Task to complete:
Which lines of the records contain the word "DelayLength"? Copy each one.

Collected data:

====================

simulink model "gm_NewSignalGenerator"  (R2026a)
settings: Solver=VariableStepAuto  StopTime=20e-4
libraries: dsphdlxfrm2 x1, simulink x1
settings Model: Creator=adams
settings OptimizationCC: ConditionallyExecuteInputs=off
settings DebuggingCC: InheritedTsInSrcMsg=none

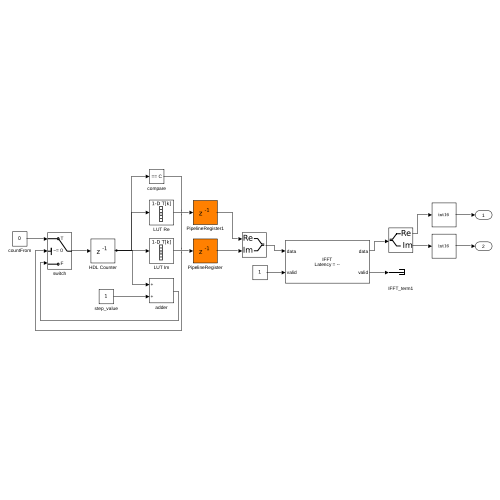
[thumbnail: Simulink's stored preview of the top-level diagram]
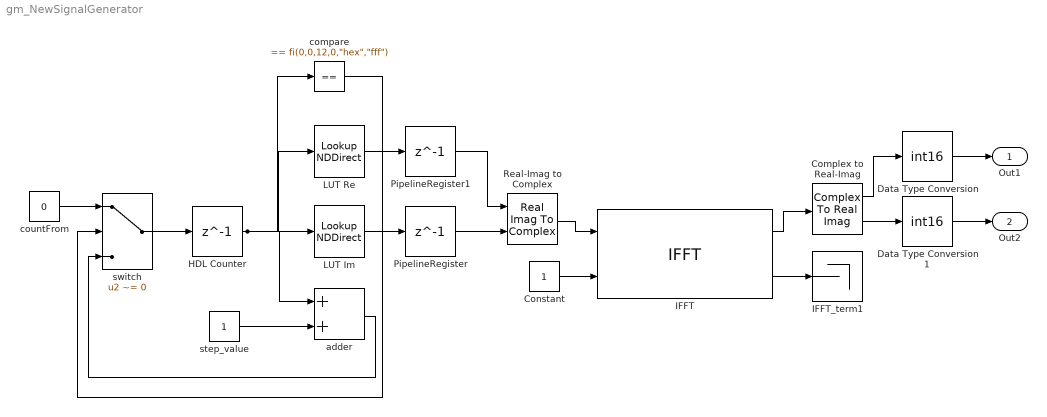
== system gm_NewSignalGenerator ==
  Complex to Real-Imag : ComplexToRealImag  SampleTime=6.51041666666667e-09
  Constant : Constant  OutDataTypeStr=boolean  SampleTime=6.51041666666667e-09
  Data Type Conversion : DataTypeConversion  OutDataTypeStr=int16  SampleTime=6.51041666666667e-09  SaturateOnIntegerOverflow=off  RndMeth=Floor
  Data Type Conversion1 : DataTypeConversion  OutDataTypeStr=int16  SampleTime=6.51041666666667e-09  SaturateOnIntegerOverflow=off  RndMeth=Floor
  HDL Counter : Delay  DelayLength=1  InitialCondition=0  SampleTime=6.51041666666667e-09
  IFFT : dsphdlxfrm2/IFFT  Architecture=Streaming Radix 2^2  FFTLengthSource=Property  FFTLength=4096  FFTLengthMax=1024  ComplexMultiplication=Use 4 multipliers and 2 adders  BitReversedOutput=off  BitReversedInput=off  Normalize=off  SimulateUsing=Code generation  RoundingMethod=Floor  ResetInputPort=off  StartOutputPort=off  EndOutputPort=off
  IFFT_term1 : Terminator
  LUT Im : LookupNDDirect  NumberOfTableDimensions=1  Table="reshape(double([0;0;0;0;0;0;0;0;-9;0;0;0;0;0;0;0;35;0;0;0;0;0;0;0;-78;0;0;0;0;0;0;0;138;0;0;0;0;0;0;0;-215;0;0;0;0;0;0;0;307;0;0;0;0;0;0;0;-413;0;0;0;0;0;0;0;530;0;0;0;0;0;0;0;-654;0;0;0;0;0;0;0;778;0;0;0;0;0;0;0;-895;0;0;0;0;0;0;0;995;0;0;0;0;0;0;0;-1068;0;0;0;0;0;0;0;1099;0;0;0;0;0;0;0;-1079;0;0;0;0;0;0;0;995;0;0;0;0;0;0;0;-842;0;0;0;0;0;0;0;618;0;0;0;0;0;0;0;-332;0;0;0;0;0;0;0;0;0;0;0;0;0;0;0;348;0;0;0;0;0;0;0;-674;0;0;0;0;0;0;0;933;0;0;0;0;0;0;0;-1081;0;0;0;0;0;0;0;1079;0;0;0;0;0;0;0;-910;0;0;0;0;0;0;0;582;0;0;0;0;0;0;0;-138;0;0;0;0;0;0;0;-348;0;0;0;0;0;0;0;778;0;0;0;0;0;0;0;-1049;0;0;0;0;0;0;0;1081;0;0;0;0;0;0;0;-842;0;0;0;0;0;0;0;373;0;0;0;0;0;0;0;215;0;0;0;0;0;0;0;-753;0;0;0;0;0;0;0;1068;0;0;0;0;0;0;0;-1035;0;0;0;0;0;0;0;640;0;0;0;0;0;0;0;0;0;0;0;0;0;0;0;-654;0;0;0;0;0;0;0;1056;0;0;0;0;0;0;0;-1020;0;0;0;0;0;0;0;530;0;0;0;0;0;0;0;215;0;0;0;0;0;0;0;-869;0;0;0;0;0;0;0;1097;0;0;0;0;0;0;0;-753;0;0;0;0;0;0;0;-9;0;0;0;0;0;0;0;778;0;0;0;0;0;0;0;-1100;0;0;0;0;0;0;0;753;0;0;0;0;0;0;0;78;0;0;0;0;0;0;0;-869;0;0;0;0;0;0;0;1079;0;0;0;0;0;0;0;-530;0;0;0;0;0;0;0;-413;0;0;0;0;0;0;0;1056;0;0;0;0;0;0;0;-885;0;0;0;0;0;0;0;0;0;0;0;0;0;0;0;895;0;0;0;0;0;0;0;-1035;0;0;0;0;0;0;0;265;0;0;0;0;0;0;0;753;0;0;0;0;0;0;0;-1079;0;0;0;0;0;0;0;373;0;0;0;0;0;0;0;708;0;0;0;0;0;0;0;-1081;0;0;0;0;0;0;0;332;0;0;0;0;0;0;0;778;0;0;0;0;0;0;0;-1043;0;0;0;0;0;0;0;138;0;0;0;0;0;0;0;933;0;0;0;0;0;0;0;-910;0;0;0;0;0;0;0;-215;0;0;0;0;0;0;0;1081;0;0;0;0;0;0;0;-582;0;0;0;0;0;0;0;-674;0;0;0;0;0;0;0;1043;0;0;0;0;0;0;0;0;0;0;0;0;0;0;0;-1049;0;0;0;0;0;0;0;618;0;0;0;0;0;0;0;708;0;0;0;0;0;0;0;-995;0;0;0;0;0;0;0;-215;0;0;0;0;0;0;0;1099;0;0;0;0;0;0;0;-265;0;0;0;0;0;0;0;-995;0;0;0;0;0;0;0;640;0;0;0;0;0;0;0;778;0;0;0;0;0;0;0;-885;0;0;0;0;0;0;0;-530;0;0;0;0;0;0;0;1020;0;0;0;0;0;0;0;307;0;0;0;0;0;0;0;-1079;0;0;0;0;0;0;0;-138;0;0;0;0;0;0;0;1097;0;0;0;0;0;0;0;35;0;0;0;0;0;0;0;-1100;0;0;0;0;0;0;0;0;0;0;0;0;0;0;0;1100;0;0;0;0;0;0;0;35;0;0;0;0;0;0;0;-1097;0;0;0;0;0;0;0;-138;0;0;0;0;0;0;0;1079;0;0;0;0;0;0;0;307;0;0;0;0;0;0;0;-1020;0;0;0;0;0;0;0;-530;0;0;0;0;0;0;0;885;0;0;0;0;0;0;0;778;0;0;0;0;0;0;0;-640;0;0;0;0;0;0;0;-995;0;0;0;0;0;0;0;265;0;0;0;0;0;0;0;1099;0;0;0;0;0;0;0;215;0;0;0;0;0;0;0;-995;0;0;0;0;0;0;0;-708;0;0;0;0;0;0;0;618;0;0;0;0;0;0;0;1049;0;0;0;0;0;0;0;0;0;0;0;0;0;0;0;-1043;0;0;0;0;0;0;0;-674;0;0;0;0;0;0;0;582;0;0;0;0;0;0;0;1081;0;0;0;0;0;0;0;215;0;0;0;0;0;0;0;-910;0;0;0;0;0;0;0;-933;0;0;0;0;0;0;0;138;0;0;0;0;0;0;0;1043;0;0;0;0;0;0;0;778;0;0;0;0;0;0;0;-332;0;0;0;0;0;0;0;-1081;0;0;0;0;0;0;0;-708;0;0;0;0;0;0;0;373;0;0;0;0;0;0;0;1079;0;0;0;0;0;0;0;753;0;0;0;0;0;0;0;-265;0;0;0;0;0;0;0;-1035;0;0;0;0;0;0;0;-895;0;0;0;0;0;0;0;0;0;0;0;0;0;0;0;885;0;0;0;0;0;0;0;1056;0;0;0;0;0;0;0;413;0;0;0;0;0;0;0;-530;0;0;0;0;0;0;0;-1079;0;0;0;0;0;0;0;-869;0;0;0;0;0;0;0;-78;0;0;0;0;0;0;0;753;0;0;0;0;0;0;0;1100;0;0;0;0;0;0;0;778;0;0;0;0;0;0;0;9;0;0;0;0;0;0;0;-753;0;0;0;0;0;0;0;-1097;0;0;0;0;0;0;0;-869;0;0;0;0;0;0;0;-215;0;0;0;0;0;0;0;530;0;0;0;0;0;0;0;1020;0;0;0;0;0;0;0;1056;0;0;0;0;0;0;0;654;0;0;0;0;0;0;0;0;0;0;0;0;0;0;0;-640;0;0;0;0;0;0;0;-1035;0;0;0;0;0;0;0;-1068;0;0;0;0;0;0;0;-753;0;0;0;0;0;0;0;-215;0;0;0;0;0;0;0;373;0;0;0;0;0;0;0;842;0;0;0;0;0;0;0;1081;0;0;0;0;0;0;0;1049;0;0;0;0;0;0;0;778;0;0;0;0;0;0;0;348;0;0;0;0;0;0;0;-138;0;0;0;0;0;0;0;-582;0;0;0;0;0;0;0;-910;0;0;0;0;0;0;0;-1079;0;0;0;0;0;0;0;-1081;0;0;0;0;0;0;0;-933;0;0;0;0;0;0;0;-674;0;0;0;0;0;0;0;-348;0;0;0;0;0;0;0;0;0;0;0;0;0;0;0;332;0;0;0;0;0;0;0;618;0;0;0;0;0;0;0;842;0;0;0;0;0;0;0;995;0;0;0;0;0;0;0;1079;0;0;0;0;0;0;0;1099;0;0;0;0;0;0;0;1068;0;0;0;0;0;0;0;995;0;0;0;0;0;0;0;895;0;0;0;0;0;0;0;778;0;0;0;0;0;0;0;654;0;0;0;0;0;0;0;530;0;0;0;0;0;0;0;413;0;0;0;0;0;0;0;307;0;0;0;0;0;0;0;215;0;0;0;0;0;0;0;138;0;0;0;0;0;0;0;78;0;0;0;0;0;0;0;35;0;0;0;0;0;0;0;9;0;0;0;0;0;0;0;0;0;0;0;0;0;0;0;0;0;0;0;0;0;0;0;0;0;0;0;0;0;0;0;0;0;0;0;0;0;0;0;0;0;0;0;0;0;0;0;0;0;0;0;0;0;0;0;0;0;0;0;0;0;0;0;0;0;0;0;0;0;0;0;0;0;0;0;0;0;0;0;0;0;0;0;0;0;0;0;0;0;0;0;0;0;0;0;0;0;0;0;0;0;0;0;0;0;0;0;0;0;0;0;0;0;0;0;0;0;0;0;0;0;0;0;0;0;0;0;0;0;0;0;0;0;0;0;0;0;0;0;0;0;0;0;0;0;0;0;0;0;0;0;0;0;0 ...(+5202 chars)]), [4096     1])"  SampleTime=6.51041666666667e-09  TableDataTypeStr=fixdt(1,32,20)
  LUT Re : LookupNDDirect  NumberOfTableDimensions=1  Table="reshape(double([1100;0;0;0;0;0;0;0;-1100;0;0;0;0;0;0;0;1099;0;0;0;0;0;0;0;-1097;0;0;0;0;0;0;0;1091;0;0;0;0;0;0;0;-1079;0;0;0;0;0;0;0;1056;0;0;0;0;0;0;0;-1020;0;0;0;0;0;0;0;964;0;0;0;0;0;0;0;-885;0;0;0;0;0;0;0;778;0;0;0;0;0;0;0;-640;0;0;0;0;0;0;0;468;0;0;0;0;0;0;0;-265;0;0;0;0;0;0;0;35;0;0;0;0;0;0;0;215;0;0;0;0;0;0;0;-468;0;0;0;0;0;0;0;708;0;0;0;0;0;0;0;-910;0;0;0;0;0;0;0;1049;0;0;0;0;0;0;0;-1100;0;0;0;0;0;0;0;1043;0;0;0;0;0;0;0;-869;0;0;0;0;0;0;0;582;0;0;0;0;0;0;0;-206;0;0;0;0;0;0;0;-215;0;0;0;0;0;0;0;618;0;0;0;0;0;0;0;-933;0;0;0;0;0;0;0;1091;0;0;0;0;0;0;0;-1043;0;0;0;0;0;0;0;778;0;0;0;0;0;0;0;-332;0;0;0;0;0;0;0;-206;0;0;0;0;0;0;0;708;0;0;0;0;0;0;0;-1035;0;0;0;0;0;0;0;1079;0;0;0;0;0;0;0;-802;0;0;0;0;0;0;0;265;0;0;0;0;0;0;0;373;0;0;0;0;0;0;0;-895;0;0;0;0;0;0;0;1100;0;0;0;0;0;0;0;-885;0;0;0;0;0;0;0;307;0;0;0;0;0;0;0;413;0;0;0;0;0;0;0;-964;0;0;0;0;0;0;0;1079;0;0;0;0;0;0;0;-674;0;0;0;0;0;0;0;-78;0;0;0;0;0;0;0;802;0;0;0;0;0;0;0;-1100;0;0;0;0;0;0;0;778;0;0;0;0;0;0;0;9;0;0;0;0;0;0;0;-802;0;0;0;0;0;0;0;1097;0;0;0;0;0;0;0;-674;0;0;0;0;0;0;0;-215;0;0;0;0;0;0;0;964;0;0;0;0;0;0;0;-1020;0;0;0;0;0;0;0;307;0;0;0;0;0;0;0;654;0;0;0;0;0;0;0;-1100;0;0;0;0;0;0;0;640;0;0;0;0;0;0;0;373;0;0;0;0;0;0;0;-1068;0;0;0;0;0;0;0;802;0;0;0;0;0;0;0;215;0;0;0;0;0;0;0;-1035;0;0;0;0;0;0;0;842;0;0;0;0;0;0;0;206;0;0;0;0;0;0;0;-1049;0;0;0;0;0;0;0;778;0;0;0;0;0;0;0;348;0;0;0;0;0;0;0;-1091;0;0;0;0;0;0;0;582;0;0;0;0;0;0;0;618;0;0;0;0;0;0;0;-1079;0;0;0;0;0;0;0;206;0;0;0;0;0;0;0;933;0;0;0;0;0;0;0;-869;0;0;0;0;0;0;0;-348;0;0;0;0;0;0;0;1100;0;0;0;0;0;0;0;-332;0;0;0;0;0;0;0;-910;0;0;0;0;0;0;0;842;0;0;0;0;0;0;0;468;0;0;0;0;0;0;0;-1079;0;0;0;0;0;0;0;35;0;0;0;0;0;0;0;1068;0;0;0;0;0;0;0;-468;0;0;0;0;0;0;0;-895;0;0;0;0;0;0;0;778;0;0;0;0;0;0;0;654;0;0;0;0;0;0;0;-964;0;0;0;0;0;0;0;-413;0;0;0;0;0;0;0;1056;0;0;0;0;0;0;0;215;0;0;0;0;0;0;0;-1091;0;0;0;0;0;0;0;-78;0;0;0;0;0;0;0;1099;0;0;0;0;0;0;0;9;0;0;0;0;0;0;0;-1100;0;0;0;0;0;0;0;-9;0;0;0;0;0;0;0;1099;0;0;0;0;0;0;0;78;0;0;0;0;0;0;0;-1091;0;0;0;0;0;0;0;-215;0;0;0;0;0;0;0;1056;0;0;0;0;0;0;0;413;0;0;0;0;0;0;0;-964;0;0;0;0;0;0;0;-654;0;0;0;0;0;0;0;778;0;0;0;0;0;0;0;895;0;0;0;0;0;0;0;-468;0;0;0;0;0;0;0;-1068;0;0;0;0;0;0;0;35;0;0;0;0;0;0;0;1079;0;0;0;0;0;0;0;468;0;0;0;0;0;0;0;-842;0;0;0;0;0;0;0;-910;0;0;0;0;0;0;0;332;0;0;0;0;0;0;0;1100;0;0;0;0;0;0;0;348;0;0;0;0;0;0;0;-869;0;0;0;0;0;0;0;-933;0;0;0;0;0;0;0;206;0;0;0;0;0;0;0;1079;0;0;0;0;0;0;0;618;0;0;0;0;0;0;0;-582;0;0;0;0;0;0;0;-1091;0;0;0;0;0;0;0;-348;0;0;0;0;0;0;0;778;0;0;0;0;0;0;0;1049;0;0;0;0;0;0;0;206;0;0;0;0;0;0;0;-842;0;0;0;0;0;0;0;-1035;0;0;0;0;0;0;0;-215;0;0;0;0;0;0;0;802;0;0;0;0;0;0;0;1068;0;0;0;0;0;0;0;373;0;0;0;0;0;0;0;-640;0;0;0;0;0;0;0;-1100;0;0;0;0;0;0;0;-654;0;0;0;0;0;0;0;307;0;0;0;0;0;0;0;1020;0;0;0;0;0;0;0;964;0;0;0;0;0;0;0;215;0;0;0;0;0;0;0;-674;0;0;0;0;0;0;0;-1097;0;0;0;0;0;0;0;-802;0;0;0;0;0;0;0;-9;0;0;0;0;0;0;0;778;0;0;0;0;0;0;0;1100;0;0;0;0;0;0;0;802;0;0;0;0;0;0;0;78;0;0;0;0;0;0;0;-674;0;0;0;0;0;0;0;-1079;0;0;0;0;0;0;0;-964;0;0;0;0;0;0;0;-413;0;0;0;0;0;0;0;307;0;0;0;0;0;0;0;885;0;0;0;0;0;0;0;1100;0;0;0;0;0;0;0;895;0;0;0;0;0;0;0;373;0;0;0;0;0;0;0;-265;0;0;0;0;0;0;0;-802;0;0;0;0;0;0;0;-1079;0;0;0;0;0;0;0;-1035;0;0;0;0;0;0;0;-708;0;0;0;0;0;0;0;-206;0;0;0;0;0;0;0;332;0;0;0;0;0;0;0;778;0;0;0;0;0;0;0;1043;0;0;0;0;0;0;0;1091;0;0;0;0;0;0;0;933;0;0;0;0;0;0;0;618;0;0;0;0;0;0;0;215;0;0;0;0;0;0;0;-206;0;0;0;0;0;0;0;-582;0;0;0;0;0;0;0;-869;0;0;0;0;0;0;0;-1043;0;0;0;0;0;0;0;-1100;0;0;0;0;0;0;0;-1049;0;0;0;0;0;0;0;-910;0;0;0;0;0;0;0;-708;0;0;0;0;0;0;0;-468;0;0;0;0;0;0;0;-215;0;0;0;0;0;0;0;35;0;0;0;0;0;0;0;265;0;0;0;0;0;0;0;468;0;0;0;0;0;0;0;640;0;0;0;0;0;0;0;778;0;0;0;0;0;0;0;885;0;0;0;0;0;0;0;964;0;0;0;0;0;0;0;1020;0;0;0;0;0;0;0;1056;0;0;0;0;0;0;0;1079;0;0;0;0;0;0;0;1091;0;0;0;0;0;0;0;1097;0;0;0;0;0;0;0;1099;0;0;0;0;0;0;0;1100;0;0;0;0;0;0;0;0;0;0;0;0;0;0;0;0;0;0;0;0;0;0;0;0;0;0;0;0;0;0;0;0;0;0;0;0;0;0;0;0;0;0;0;0;0;0;0;0;0;0;0;0;0;0;0;0;0;0;0;0;0;0;0;0;0;0;0;0;0;0;0;0;0;0;0;0;0;0;0;0;0;0;0;0;0;0;0;0;0;0;0;0;0;0;0;0;0;0;0;0;0;0;0;0;0;0;0;0;0;0;0;0;0;0;0;0;0;0;0;0;0;0;0;0;0;0;0;0;0;0;0;0;0;0;0;0;0 ...(+5271 chars)]), [4096     1])"  SampleTime=6.51041666666667e-09  TableDataTypeStr=fixdt(1,32,20)
  PipelineRegister : Delay  DelayLength=1  InitialCondition=0  SampleTime=6.51041666666667e-09
  PipelineRegister1 : Delay  DelayLength=1  InitialCondition=0  SampleTime=6.51041666666667e-09
  Real-Imag to Complex : RealImagToComplex  ConstantPart="fi(0,1,32,20,\"hex\",\"00000000\")"  SampleTime=6.51041666666667e-09
  adder : Sum  OutDataTypeStr=fixdt(0, 12, 0)  AccumDataTypeStr=fixdt(0, 12, 0)  SampleTime=6.51041666666667e-09
  compare : simulink/Logic and Bit Operations/Compare To Constant  relop===  const="fi(0,0,12,0,\"hex\",\"fff\")"  OutDataTypeStr=boolean
  countFrom : Constant  Value=0  VectorParams1D=off  OutDataTypeStr=fixdt(0, 12, 0)  SampleTime=6.51041666666667e-09
  step_value : Constant  VectorParams1D=off  OutDataTypeStr=fixdt(0, 12, 0)  SampleTime=6.51041666666667e-09
  switch : Switch  Criteria=u2 ~= 0  Threshold="fi(0,0,1,0,\"hex\",\"0\")"  OutDataTypeStr=fixdt(0, 12, 0)  SampleTime=6.51041666666667e-09  SaturateOnIntegerOverflow=off  InputSameDT=off
  Out1 : Outport  SampleTime=6.51041666666667e-09
  Out2 : Outport  Port=2  SampleTime=6.51041666666667e-09
  wires:
  Data Type Conversion1/1 -> Out2/1
  Complex to Real-Imag/2 -> Data Type Conversion1/1
  Data Type Conversion/1 -> Out1/1
  IFFT/2 -> IFFT_term1/1
  countFrom/1 -> switch/1
  switch/1 -> HDL Counter/1
  step_value/1 -> adder/2
  LUT Im/1 -> PipelineRegister/1
  HDL Counter/1 -> compare/1, adder/1, LUT Im/1, LUT Re/1
  PipelineRegister/1 -> Real-Imag to Complex/2
  compare/1 -> switch/2
  PipelineRegister1/1 -> Real-Imag to Complex/1
  IFFT/1 -> Complex to Real-Imag/1
  LUT Re/1 -> PipelineRegister1/1
  Complex to Real-Imag/1 -> Data Type Conversion/1
  Real-Imag to Complex/1 -> IFFT/1
  adder/1 -> switch/3
  Constant/1 -> IFFT/2

====================

Task answer:
  HDL Counter : Delay  DelayLength=1  InitialCondition=0  SampleTime=6.51041666666667e-09
  PipelineRegister : Delay  DelayLength=1  InitialCondition=0  SampleTime=6.51041666666667e-09
  PipelineRegister1 : Delay  DelayLength=1  InitialCondition=0  SampleTime=6.51041666666667e-09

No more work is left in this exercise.